According to the American Optometric Association, up to 80% of a child’s learning in school is through vision. The majority of children who are learning disabled have a deficiency in visual skill that is impeding their ability, affecting their life. School vision screenings can miss up to half of these problems. NeuroVision Therapy provides comprehensive vision exams that check all aspects of eye health, vision, and visual skills, and can ensure that you or your child is not struggling unnecessarily with an undiagnosed vision problem.


Clients often come to NeuroVision Therapy with symptoms such as:

  • Headaches

  • Double and blurred vision

  • Issues reading: losing your place, slow or remembering what you’ve read

  • Discomfort and fatigue

  • Dizziness and nausea

  • Suppression

  • Amblyopia: reduced visual clarity in an eye that cannot improve with glasses

  • Strabismus: the brain turns one eye to a position that is not aligned with the other.
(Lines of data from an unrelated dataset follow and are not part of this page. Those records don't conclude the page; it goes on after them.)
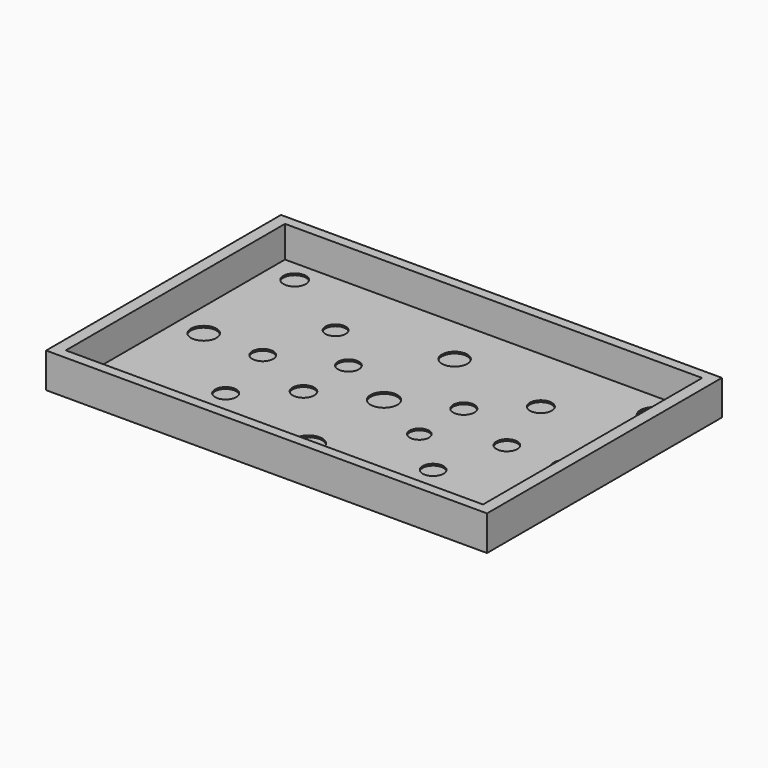
from build123d import *

# Parameters (mm, degrees)
F0_W      = 126.2549012899
F0_H      = 84.0705931187
F1_DEPTH  = 10
F2_W      = 119.4519400597
F2_H      = 78.4470066428
F3_DEPTH  = 9
F6_R      = 2.7574274492
F6_R_2    = 3.0881184617
F6_R_3    = 2.9865161703
F7_DEPTH  = 9.5
F5_R      = 3.0287162896
F8_DEPTH  = 9.5
F4_R      = 3.8384708655
F9_DEPTH  = 9.5
F10_R     = 3.132111717
F10_R_2   = 2.9916448853
F10_R_3   = 3.0367007185
F10_R_4   = 2.8900379759
F11_DEPTH = 9.5
F13_R     = 3.0036385534
F13_R_2   = 2.9794176667
F13_R_3   = 3.6399459422
F13_R_4   = 3.1255773117
F14_DEPTH = 9.5
F12_R     = 3.2154485225
F12_R_2   = 2.6789056155
F12_R_3   = 3.0133824395
F12_R_4   = 3.8856724273
F15_DEPTH = 9.5
F16_R     = 3.6323450942
F16_R_2   = 3.9223279678
F17_DEPTH = 9.5


# Not quite as in the source:
# - a feature names something its author has since deleted; it is built from what else it names


with BuildPart() as f1:
    # F0 (on Top) → F1 (new body)
    with BuildSketch(Plane.XY):
        Rectangle(F0_W, F0_H)
    extrude(amount=-F1_DEPTH)

    # F2 (on Top) → F3 (cut)
    with BuildSketch(Plane.XY):
        Rectangle(F2_W, F2_H)
    extrude(amount=-F3_DEPTH, mode=Mode.SUBTRACT)

    # F6 (on Top) → F7 (cut)
    with BuildSketch(Plane.XY):
        with Locations((16.5214389563, -8.0118775368)):
            Circle(F6_R)
        with Locations((-16.615998, -8.0534629524)):
            Circle(F6_R_2)
        with Locations((-16.615998, 8.0431699753)):
            Circle(F6_R_3)
    extrude(amount=-F7_DEPTH, mode=Mode.SUBTRACT)

    # F5 (on Top) → F8 (cut)
    with BuildSketch(Plane.XY):
        with Locations((16.5819376707, 7.8347064555)):
            Circle(F5_R)
    extrude(amount=-F8_DEPTH, mode=Mode.SUBTRACT)

    # F4 (on Top) → F9 (cut)
    with BuildSketch(Plane.XY):
        Circle(F4_R)
    extrude(amount=-F9_DEPTH, mode=Mode.SUBTRACT)

    # F10 (on face) → F11 (cut)
    with BuildSketch(Plane.XY):
        with Locations((29.441639781, 19.3310081959)):
            Circle(F10_R)
        with Locations((29.7522768378, -19.6110159159)):
            Circle(F10_R_2)
        with Locations((-29.6404287219, -19.6110159159)):
            Circle(F10_R_3)
        with Locations((-29.5161753893, 19.5709131658)):
            Circle(F10_R_4)
    extrude(amount=-F11_DEPTH, mode=Mode.SUBTRACT)

    # F13 (on Top) → F14 (cut)
    with BuildSketch(Plane.XY):
        with Locations((-34.714885056, 0)):
            Circle(F13_R)
        with Locations((35.1781696081, 0)):
            Circle(F13_R_2)
        with Locations((-51.6325049102, 0)):
            Circle(F13_R_3)
        with Locations((51.6923218966, 0)):
            Circle(F13_R_4)
    extrude(amount=-F14_DEPTH, mode=Mode.SUBTRACT)

    # F12 (on Top) → F15 (cut)
    with BuildSketch(Plane.XY):
        with Locations((-51.8871918321, 32.8838564456)):
            Circle(F12_R)
        with Locations((-51.9447661936, -32.4058681726)):
            Circle(F12_R_2)
        with Locations((51.5429228544, -32.7062048018)):
            Circle(F12_R_3)
        with Locations((51.7358258367, 31.9894589484)):
            Circle(F12_R_4)
    extrude(amount=-F15_DEPTH, mode=Mode.SUBTRACT)

    # F16 (on Top) → F17 (cut)
    with BuildSketch(Plane.XY):
        with Locations((0, 25.2807121724)):
            Circle(F16_R)
        with Locations((0, -27.0220451057)):
            Circle(F16_R_2)
    extrude(amount=-F17_DEPTH, mode=Mode.SUBTRACT)


solid = f1.part

  • Poor vision-body coordination: clumsiness, inefficient eye-hand coordination


It is not uncommon for these vision problems to be concurrent with diagnoses such as: Attention Deficit Disorder, Autism Spectrum Disorder, Learning Disability, Sensory Processing Disorder, Global Developmental Delay, Fetal Alcohol Syndrome.


Vision Therapy is a specialized area of optometric care. It is widely practiced in the United States and is gaining a foothold in Canada. “Eye Training” has been practiced in Europe since the late 1800’s. Dr. Mueller has been providing Optometric Vision Therapy programs since 2011 and as NeuroVision Therapy since 2016.